● **EXERCISE REQUIREMENTS**:
Your answer should give again, exactly, the lines from the beginning of the entries below through the line containing "msp = doc.modelspace()". It must contain no pictures.

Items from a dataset
______________________________

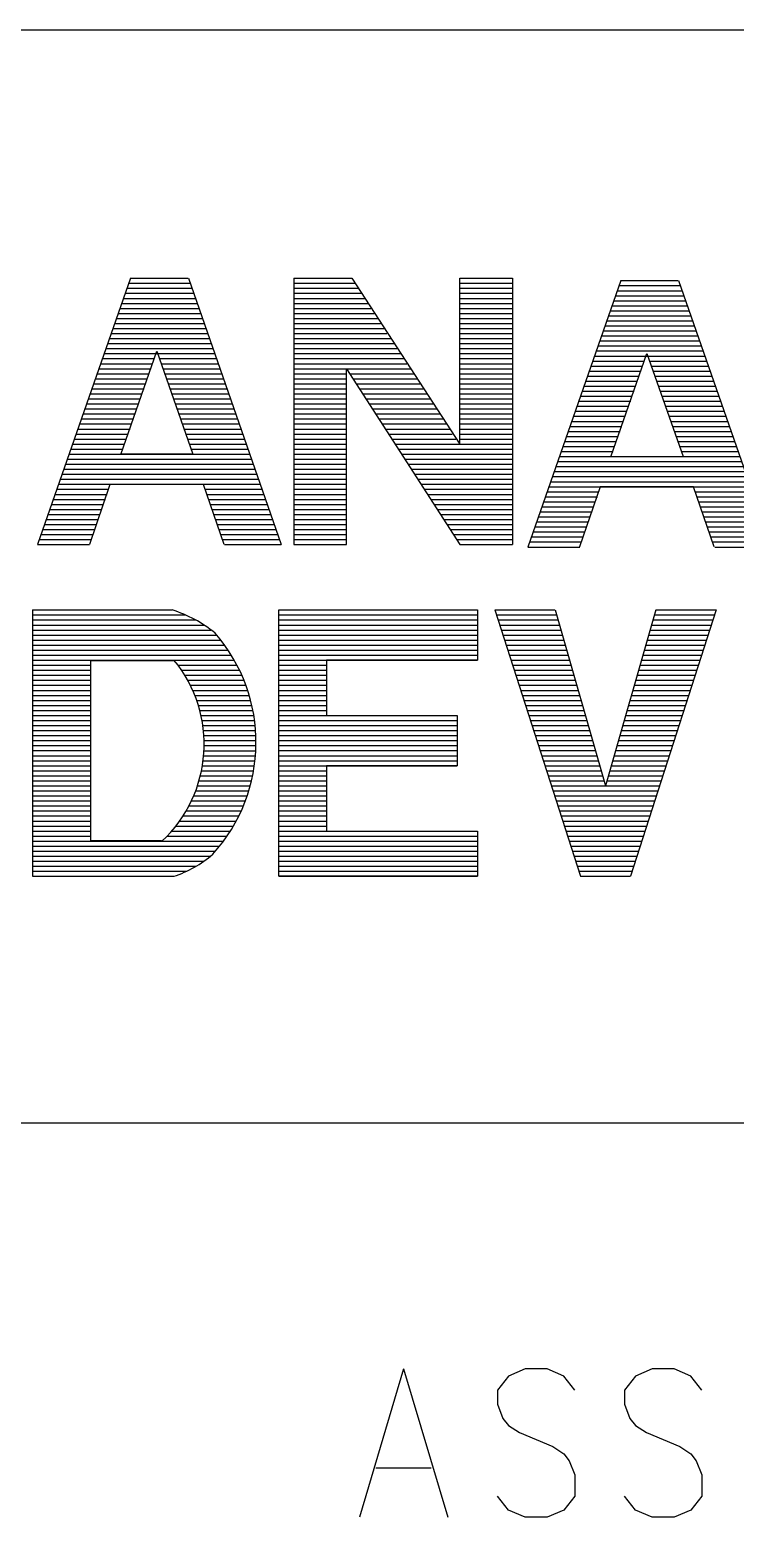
# Model space of a CAD drawing. Extents: x 12040 to 27945, y 10799 to 21199.
# Drawn here: x 25854 to 26144, y 11437 to 12049 of the extents above; entities that cross this region are included whole.
import ezdxf

# ---------------------------------------------------------------- set-up
doc = ezdxf.new("R2010")
doc.units = 0
doc.header["$MEASUREMENT"] = 0
doc.layers.add('ASSYDWGBOT_PHO', color=7, linetype='Continuous')

msp = doc.modelspace()

# ---------------------------------------------------------------- linework, layer by layer
at = {"layer": 'ASSYDWGBOT_PHO'}
for points in [[(23240.999, 12049.38), (27945, 12049.38)], [(25895.321, 11947.1), (25857.05, 11837.47)], [(25894.699, 11945.03), (25919.83, 11945.03)], [(25895.321, 11947.1), (25919.001, 11947.1)], [(25919.109, 11947.1), (25957.371, 11837.47)], [(25962.54, 11947.1), (25962.54, 11837.47)], [(25962.54, 11947.1), (25986.33, 11947.1)], [(25962.54, 11945.03), (25987.471, 11945.03)], [(25986.33, 11947.1), (26030.8, 11878.84)], [(26030.8, 11878.84), (26030.8, 11947.1)], [(26030.8, 11947.1), (26052.521, 11947.1)], [(26030.8, 11947.1), (26052.521, 11947.1)], [(26030.8, 11945.03), (26052.521, 11945.03)], [(26052.521, 11947.1), (26052.521, 11837.47)], [(26097.05, 11946.11), (26058.781, 11836.48)], [(26097.05, 11946.11), (26120.729, 11946.11)], [(26120.831, 11946.11), (26159.1, 11836.48)], [(25893.25, 11940.89), (25921.28, 11940.89)], [(25893.97, 11942.96), (25920.549, 11942.96)], [(25962.54, 11942.96), (25988.92, 11942.96)], [(25962.54, 11940.89), (25990.471, 11940.89)], [(26030.8, 11942.96), (26052.521, 11942.96)], [(26030.8, 11940.89), (26052.521, 11940.89)], [(26094.98, 11939.91), (26123.011, 11939.91)], [(26095.699, 11941.98), (26122.28, 11941.98)], [(26096.43, 11944.05), (26121.559, 11944.05)], [(25891.081, 11934.69), (25923.349, 11934.69)], [(25891.8, 11936.76), (25922.621, 11936.76)], [(25892.42, 11938.83), (25921.9, 11938.83)], [(25962.54, 11938.83), (25991.61, 11938.83)], [(25962.54, 11936.76), (25992.95, 11936.76)], [(25962.54, 11934.69), (25994.19, 11934.69)], [(26030.8, 11938.83), (26052.521, 11938.83)], [(26030.8, 11936.76), (26052.521, 11936.76)], [(26030.8, 11934.69), (26052.521, 11934.69)], [(26092.81, 11933.7), (26125.071, 11933.7)], [(26093.531, 11935.77), (26124.35, 11935.77)], [(26094.151, 11937.84), (26123.631, 11937.84)], [(25888.91, 11928.48), (25925.619, 11928.48)], [(25889.629, 11930.55), (25924.789, 11930.55)], [(25890.15, 11932.62), (25924.17, 11932.62)], [(25962.54, 11932.62), (25995.541, 11932.62)], [(25962.54, 11930.55), (25996.981, 11930.55)], [(25962.54, 11928.48), (25998.23, 11928.48)], [(26030.8, 11932.62), (26052.521, 11932.62)], [(26030.8, 11930.55), (26052.521, 11930.55)], [(26030.8, 11928.48), (26052.521, 11928.48)], [(26090.63, 11927.5), (26127.35, 11927.5)], [(26091.36, 11929.57), (26126.52, 11929.57)], [(26091.869, 11931.64), (26125.9, 11931.64)], [(25886.73, 11922.28), (25927.691, 11922.28)], [(25887.461, 11924.35), (25927.071, 11924.35)], [(25888.18, 11926.41), (25926.241, 11926.41)], [(25962.54, 11926.41), (25999.67, 11926.41)], [(25962.54, 11924.35), (26000.811, 11924.35)], [(25962.54, 11922.28), (26002.359, 11922.28)], [(26030.8, 11926.41), (26052.521, 11926.41)], [(26030.8, 11924.35), (26052.521, 11924.35)], [(26030.8, 11922.28), (26052.521, 11922.28)], [(26088.461, 11921.29), (26129.419, 11921.29)], [(26089.19, 11923.36), (26128.799, 11923.36)], [(26089.911, 11925.43), (26127.97, 11925.43)], [(25884.56, 11916.07), (25929.859, 11916.07)], [(25885.29, 11918.14), (25929.14, 11918.14)], [(25885.91, 11920.21), (25928.41, 11920.21)], [(25891.279, 11874.6), (25906.071, 11917.11)], [(25906.071, 11917.11), (25920.971, 11874.7)], [(25962.54, 11920.21), (26003.71, 11920.21)], [(25962.54, 11918.14), (26004.95, 11918.14)], [(25962.54, 11916.07), (26006.399, 11916.07)], [(26030.8, 11920.21), (26052.521, 11920.21)], [(26030.8, 11918.14), (26052.521, 11918.14)], [(26030.8, 11916.07), (26052.521, 11916.07)], [(26086.29, 11915.09), (26131.59, 11915.09)], [(26087.009, 11917.16), (26130.871, 11917.16)], [(26087.629, 11919.22), (26130.14, 11919.22)], [(26093.01, 11873.61), (26107.8, 11916.12)], [(26107.8, 11916.12), (26122.7, 11873.72)], [(25882.389, 11909.87), (25903.589, 11909.87)], [(25883.11, 11911.94), (25904.32, 11911.94)], [(25883.94, 11914), (25905.14, 11914)], [(25907.32, 11914), (25930.59, 11914)], [(25907.94, 11911.94), (25931.41, 11911.94)], [(25908.76, 11909.87), (25932.14, 11909.87)], [(25962.54, 11914), (26007.74, 11914)], [(25962.54, 11911.94), (26009.09, 11911.94)], [(25962.54, 11909.87), (26010.53, 11909.87)], [(25984.261, 11909.87), (26030.8, 11837.47)], [(25984.261, 11837.47), (25984.261, 11909.76)], [(26030.8, 11914), (26052.521, 11914)], [(26030.8, 11911.94), (26052.521, 11911.94)], [(26030.8, 11909.87), (26052.521, 11909.87)], [(26084.12, 11908.88), (26105.32, 11908.88)], [(26084.841, 11910.95), (26106.039, 11910.95)], [(26085.67, 11913.02), (26106.871, 11913.02)], [(26109.039, 11913.02), (26132.311, 11913.02)], [(26109.659, 11910.95), (26133.141, 11910.95)], [(26110.491, 11908.88), (26133.869, 11908.88)], [(25880.32, 11903.66), (25901.52, 11903.66)], [(25880.939, 11905.73), (25902.25, 11905.73)], [(25881.67, 11907.8), (25902.87, 11907.8)], [(25909.491, 11907.8), (25932.55, 11907.8)], [(25910.11, 11905.73), (25933.479, 11905.73)], [(25910.83, 11903.66), (25934.311, 11903.66)], [(25962.54, 11907.8), (25984.261, 11907.8)], [(25962.54, 11905.73), (25984.261, 11905.73)], [(25962.54, 11903.66), (25984.261, 11903.66)], [(25985.71, 11907.8), (26011.77, 11907.8)], [(25987.061, 11905.73), (26013.22, 11905.73)], [(25988.3, 11903.66), (26014.46, 11903.66)], [(26030.8, 11907.8), (26052.521, 11907.8)], [(26030.8, 11905.73), (26052.521, 11905.73)], [(26030.8, 11903.66), (26052.521, 11903.66)], [(26082.05, 11902.68), (26103.251, 11902.68)], [(26082.67, 11904.74), (26103.979, 11904.74)], [(26083.389, 11906.81), (26104.601, 11906.81)], [(26111.21, 11906.81), (26134.279, 11906.81)], [(26111.839, 11904.74), (26135.21, 11904.74)], [(26112.56, 11902.68), (26136.04, 11902.68)], [(25878.05, 11897.46), (25899.45, 11897.46)], [(25878.981, 11899.52), (25900.08, 11899.52)], [(25879.49, 11901.59), (25900.9, 11901.59)], [(25911.56, 11901.59), (25934.931, 11901.59)], [(25912.38, 11899.52), (25935.65, 11899.52)], [(25913.111, 11897.46), (25936.48, 11897.46)], [(25962.54, 11901.59), (25984.261, 11901.59)], [(25962.54, 11899.52), (25984.261, 11899.52)], [(25962.54, 11897.46), (25984.261, 11897.46)], [(25989.639, 11901.59), (26015.81, 11901.59)], [(25990.99, 11899.52), (26017.26, 11899.52)], [(25992.43, 11897.46), (26018.499, 11897.46)], [(26030.8, 11901.59), (26052.521, 11901.59)], [(26030.8, 11899.52), (26052.521, 11899.52)], [(26030.8, 11897.46), (26052.521, 11897.46)], [(26079.769, 11896.47), (26101.179, 11896.47)], [(26080.7, 11898.54), (26101.801, 11898.54)], [(26081.221, 11900.61), (26102.631, 11900.61)], [(26113.279, 11900.61), (26136.66, 11900.61)], [(26114.111, 11898.54), (26137.381, 11898.54)], [(26114.83, 11896.47), (26138.21, 11896.47)], [(25875.98, 11891.25), (25897.181, 11891.25)], [(25876.699, 11893.32), (25897.9, 11893.32)], [(25877.319, 11895.39), (25898.63, 11895.39)], [(25913.731, 11895.39), (25937.099, 11895.39)], [(25914.45, 11893.32), (25937.83, 11893.32)], [(25915.279, 11891.25), (25938.551, 11891.25)], [(25962.54, 11895.39), (25984.261, 11895.39)], [(25962.54, 11893.32), (25984.261, 11893.32)], [(25962.54, 11891.25), (25984.261, 11891.25)], [(25993.67, 11895.39), (26019.939, 11895.39)], [(25995.02, 11893.32), (26021.191, 11893.32)], [(25996.361, 11891.25), (26022.631, 11891.25)], [(26030.8, 11895.39), (26052.521, 11895.39)], [(26030.8, 11893.32), (26052.521, 11893.32)], [(26030.8, 11891.25), (26052.521, 11891.25)], [(26077.709, 11890.27), (26098.909, 11890.27)], [(26078.43, 11892.33), (26099.63, 11892.33)], [(26079.05, 11894.4), (26100.361, 11894.4)], [(26115.459, 11894.4), (26138.83, 11894.4)], [(26116.18, 11892.33), (26139.549, 11892.33)], [(26117.01, 11890.27), (26140.28, 11890.27)], [(25873.699, 11885.04), (25895.109, 11885.04)], [(25874.43, 11887.11), (25895.729, 11887.11)], [(25875.151, 11889.18), (25896.351, 11889.18)], [(25916, 11889.18), (25939.27, 11889.18)], [(25916.62, 11887.11), (25940.001, 11887.11)], [(25917.351, 11885.04), (25940.821, 11885.04)], [(25962.54, 11889.18), (25984.261, 11889.18)], [(25962.54, 11887.11), (25984.261, 11887.11)], [(25962.54, 11885.04), (25984.261, 11885.04)], [(25997.709, 11889.18), (26023.88, 11889.18)], [(25999.05, 11887.11), (26025.221, 11887.11)], [(26000.29, 11885.04), (26026.56, 11885.04)], [(26030.8, 11889.18), (26052.521, 11889.18)], [(26030.8, 11887.11), (26052.521, 11887.11)], [(26030.8, 11885.04), (26052.521, 11885.04)], [(26075.43, 11884.06), (26096.84, 11884.06)], [(26076.151, 11886.13), (26097.46, 11886.13)], [(26076.88, 11888.2), (26098.08, 11888.2)], [(26117.729, 11888.2), (26141.001, 11888.2)], [(26118.349, 11886.13), (26141.729, 11886.13)], [(26119.08, 11884.06), (26142.55, 11884.06)], [(25871.531, 11878.84), (25892.731, 11878.84)], [(25872.36, 11880.91), (25893.56, 11880.91)], [(25872.98, 11882.98), (25894.279, 11882.98)], [(25918.07, 11882.98), (25941.45, 11882.98)], [(25918.8, 11880.91), (25942.07, 11880.91)], [(25919.519, 11878.84), (25942.89, 11878.84)], [(25962.54, 11882.98), (25984.261, 11882.98)], [(25962.54, 11880.91), (25984.261, 11880.91)], [(25962.54, 11878.84), (25984.261, 11878.84)], [(26001.85, 11882.98), (26027.7, 11882.98)], [(26003.09, 11880.91), (26029.249, 11880.91)], [(26004.33, 11878.84), (26052.521, 11878.84)], [(26030.8, 11882.98), (26052.521, 11882.98)], [(26030.8, 11880.91), (26052.521, 11880.91)], [(26073.259, 11877.85), (26094.46, 11877.85)], [(26074.089, 11879.92), (26095.289, 11879.92)], [(26074.711, 11881.99), (26096.01, 11881.99)], [(26119.801, 11881.99), (26143.169, 11881.99)], [(26120.52, 11879.92), (26143.789, 11879.92)], [(26121.25, 11877.85), (26144.621, 11877.85)], [(25869.459, 11872.63), (25945.07, 11872.63)], [(25870.291, 11874.7), (25944.34, 11874.7)], [(25870.911, 11876.77), (25892.21, 11876.77)], [(25891.399, 11874.83), (25920.5, 11874.83)], [(25920.24, 11876.77), (25943.621, 11876.77)], [(25962.54, 11876.77), (25984.261, 11876.77)], [(25962.54, 11874.7), (25984.261, 11874.7)], [(25962.54, 11872.63), (25984.261, 11872.63)], [(26005.569, 11876.77), (26052.521, 11876.77)], [(26007.021, 11874.7), (26052.521, 11874.7)], [(26008.261, 11872.63), (26052.521, 11872.63)], [(26071.19, 11871.65), (26146.79, 11871.65)], [(26072.02, 11873.72), (26146.07, 11873.72)], [(26072.639, 11875.79), (26093.941, 11875.79)], [(26093.1, 11873.73), (26122.7, 11873.73)], [(26121.969, 11875.79), (26145.35, 11875.79)], [(25867.081, 11866.43), (25947.029, 11866.43)], [(25867.91, 11868.5), (25946.409, 11868.5)], [(25868.629, 11870.57), (25945.69, 11870.57)], [(25962.54, 11870.57), (25984.261, 11870.57)], [(25962.54, 11868.5), (25984.261, 11868.5)], [(25962.54, 11866.43), (25984.261, 11866.43)], [(26009.71, 11870.57), (26052.521, 11870.57)], [(26010.95, 11868.5), (26052.521, 11868.5)], [(26012.289, 11866.43), (26052.521, 11866.43)], [(26068.81, 11865.44), (26148.76, 11865.44)], [(26069.639, 11867.51), (26148.14, 11867.51)], [(26070.36, 11869.58), (26147.409, 11869.58)], [(25865.009, 11860.22), (25886.32, 11860.22)], [(25865.74, 11862.29), (25948.69, 11862.29)], [(25866.36, 11864.36), (25947.96, 11864.36)], [(25886.841, 11862.19), (25878.361, 11837.57)], [(25925.31, 11862.19), (25886.841, 11862.19)], [(25933.79, 11837.57), (25925.31, 11862.19)], [(25926.029, 11860.22), (25949.31, 11860.22)], [(25962.54, 11864.36), (25984.261, 11864.36)], [(25962.54, 11862.29), (25984.261, 11862.29)], [(25962.54, 11860.22), (25984.261, 11860.22)], [(26013.639, 11864.36), (26052.521, 11864.36)], [(26014.98, 11862.29), (26052.521, 11862.29)], [(26016.331, 11860.22), (26052.521, 11860.22)], [(26067.471, 11861.31), (26150.41, 11861.31)], [(26068.09, 11863.37), (26149.691, 11863.37)], [(26088.56, 11861.2), (26080.08, 11836.59)], [(26127.041, 11861.2), (26088.56, 11861.2)], [(26135.521, 11836.59), (26127.041, 11861.2)], [(25862.841, 11854.02), (25884.15, 11854.02)], [(25863.67, 11856.09), (25884.979, 11856.09)], [(25864.29, 11858.15), (25885.7, 11858.15)], [(25926.76, 11858.15), (25950.13, 11858.15)], [(25927.38, 11856.09), (25950.859, 11856.09)], [(25928.209, 11854.02), (25951.481, 11854.02)], [(25962.54, 11858.15), (25984.261, 11858.15)], [(25962.54, 11856.09), (25984.261, 11856.09)], [(25962.54, 11854.02), (25984.261, 11854.02)], [(26017.57, 11858.15), (26052.521, 11858.15)], [(26018.909, 11856.09), (26052.521, 11856.09)], [(26020.46, 11854.02), (26052.521, 11854.02)], [(26065.399, 11855.1), (26086.7, 11855.1)], [(26066.019, 11857.17), (26087.429, 11857.17)], [(26066.74, 11859.24), (26088.051, 11859.24)], [(26127.76, 11859.24), (26151.03, 11859.24)], [(26128.49, 11857.17), (26151.859, 11857.17)], [(26129.11, 11855.1), (26152.58, 11855.1)], [(25860.769, 11847.81), (25881.981, 11847.81)], [(25861.389, 11849.88), (25882.799, 11849.88)], [(25862.221, 11851.95), (25883.53, 11851.95)], [(25928.93, 11851.95), (25952.2, 11851.95)], [(25929.449, 11849.88), (25952.93, 11849.88)], [(25930.38, 11847.81), (25953.65, 11847.81)], [(25962.54, 11851.95), (25984.261, 11851.95)], [(25962.54, 11849.88), (25984.261, 11849.88)], [(25962.54, 11847.81), (25984.261, 11847.81)], [(26021.601, 11851.95), (26052.521, 11851.95)], [(26022.94, 11849.88), (26052.521, 11849.88)], [(26024.29, 11847.81), (26052.521, 11847.81)], [(26063.12, 11848.9), (26084.53, 11848.9)], [(26063.95, 11850.96), (26085.26, 11850.96)], [(26064.569, 11853.03), (26085.88, 11853.03)], [(26129.93, 11853.03), (26153.21, 11853.03)], [(26130.659, 11850.96), (26153.931, 11850.96)], [(26131.18, 11848.9), (26154.65, 11848.9)], [(25858.5, 11841.61), (25879.91, 11841.61)], [(25859.221, 11843.67), (25880.529, 11843.67)], [(25859.949, 11845.74), (25881.359, 11845.74)], [(25931.101, 11845.74), (25954.37, 11845.74)], [(25931.829, 11843.67), (25955.299, 11843.67)], [(25932.55, 11841.61), (25955.82, 11841.61)], [(25962.54, 11845.74), (25984.261, 11845.74)], [(25962.54, 11843.67), (25984.261, 11843.67)], [(25962.54, 11841.61), (25984.261, 11841.61)], [(26025.53, 11845.74), (26052.521, 11845.74)], [(26026.871, 11843.67), (26052.521, 11843.67)], [(26028.219, 11841.61), (26052.521, 11841.61)], [(26060.949, 11842.69), (26082.26, 11842.69)], [(26061.67, 11844.76), (26083.08, 11844.76)], [(26062.5, 11846.83), (26083.7, 11846.83)], [(26132.111, 11846.83), (26155.38, 11846.83)], [(26132.83, 11844.76), (26156.099, 11844.76)], [(26133.551, 11842.69), (26157.03, 11842.69)], [(25857.05, 11837.47), (25878.46, 11837.47)], [(25857.771, 11839.54), (25879.181, 11839.54)], [(25933.27, 11839.54), (25956.65, 11839.54)], [(25934, 11837.47), (25957.371, 11837.47)], [(25962.54, 11839.54), (25984.261, 11839.54)], [(25962.54, 11837.47), (25984.261, 11837.47)], [(25962.54, 11837.47), (25984.261, 11837.47)], [(26029.671, 11839.54), (26052.521, 11839.54)], [(26030.8, 11837.47), (26052.521, 11837.47)], [(26058.781, 11836.48), (26080.191, 11836.48)], [(26059.5, 11838.55), (26080.91, 11838.55)], [(26060.23, 11840.62), (26081.64, 11840.62)], [(26134.279, 11840.62), (26157.551, 11840.62)], [(26135, 11838.55), (26158.381, 11838.55)], [(26135.731, 11836.48), (26159.1, 11836.48)], [(25854.98, 11810.58), (25912.491, 11810.58)], [(25854.98, 11810.58), (25854.98, 11700.95)], [(25956.341, 11810.58), (26038.04, 11810.58)], [(25956.341, 11810.58), (26038.04, 11810.58)], [(25956.341, 11700.95), (25956.341, 11810.58)], [(26038.04, 11810.58), (26038.04, 11789.89)], [(26045.28, 11810.58), (26070, 11810.58)], [(26045.28, 11810.58), (26080.45, 11700.95)], [(26070.11, 11810.58), (26090.79, 11738.18)], [(26111.481, 11810.58), (26090.79, 11738.18)], [(26136.299, 11810.58), (26101.13, 11700.95)], [(26111.58, 11810.58), (26136.299, 11810.58)], [(25854.98, 11808.51), (25917.919, 11808.51)], [(25854.98, 11806.44), (25922.06, 11806.44)], [(25854.98, 11804.37), (25925.61, 11804.37)], [(25956.341, 11808.51), (26038.04, 11808.51)], [(25956.341, 11806.44), (26038.04, 11806.44)], [(25956.341, 11804.37), (26038.04, 11804.37)], [(26046.009, 11808.51), (26070.62, 11808.51)], [(26046.73, 11806.44), (26071.239, 11806.44)], [(26047.35, 11804.37), (26071.859, 11804.37)], [(26109.72, 11804.37), (26134.23, 11804.37)], [(26110.34, 11806.44), (26134.951, 11806.44)], [(26110.96, 11808.51), (26135.571, 11808.51)], [(25854.98, 11802.3), (25928.36, 11802.3)], [(25854.98, 11800.24), (25930.731, 11800.24)], [(25854.98, 11798.17), (25932.501, 11798.17)], [(25956.341, 11802.3), (26038.04, 11802.3)], [(25956.341, 11800.24), (26038.04, 11800.24)], [(25956.341, 11798.17), (26038.04, 11798.17)], [(26047.97, 11802.3), (26072.479, 11802.3)], [(26048.7, 11800.24), (26073, 11800.24)], [(26049.32, 11798.17), (26073.521, 11798.17)], [(26107.96, 11798.17), (26132.259, 11798.17)], [(26108.58, 11800.24), (26132.879, 11800.24)], [(26109.2, 11802.3), (26133.61, 11802.3)], [(25854.98, 11796.1), (25933.981, 11796.1)], [(25854.98, 11794.03), (25935.459, 11794.03)], [(25854.98, 11791.96), (25936.741, 11791.96)], [(25956.341, 11796.1), (26038.04, 11796.1)], [(25956.341, 11794.03), (26038.04, 11794.03)], [(25956.341, 11791.96), (26038.04, 11791.96)], [(26050.039, 11796.1), (26074.141, 11796.1)], [(26050.659, 11794.03), (26074.86, 11794.03)], [(26051.279, 11791.96), (26075.38, 11791.96)], [(26106.199, 11791.96), (26130.199, 11791.96)], [(26106.819, 11794.03), (26131.02, 11794.03)], [(26107.34, 11796.1), (26131.54, 11796.1)], [(25854.98, 11789.89), (25938.021, 11789.89)], [(25854.98, 11787.83), (25878.771, 11787.83)], [(25878.771, 11789.79), (25878.771, 11715.32)], [(25878.799, 11789.73), (25913.401, 11789.73)], [(25914.869, 11787.83), (25939.1, 11787.83)], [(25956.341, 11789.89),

______________________________

● **TASK SOLUTION**:
# Model space of a CAD drawing. Extents: x 12040 to 27945, y 10799 to 21199.
# Drawn here: x 25854 to 26144, y 11437 to 12049 of the extents above; entities that cross this region are included whole.
import ezdxf

# ---------------------------------------------------------------- set-up
doc = ezdxf.new("R2010")
doc.units = 0
doc.header["$MEASUREMENT"] = 0
doc.layers.add('ASSYDWGBOT_PHO', color=7, linetype='Continuous')

msp = doc.modelspace()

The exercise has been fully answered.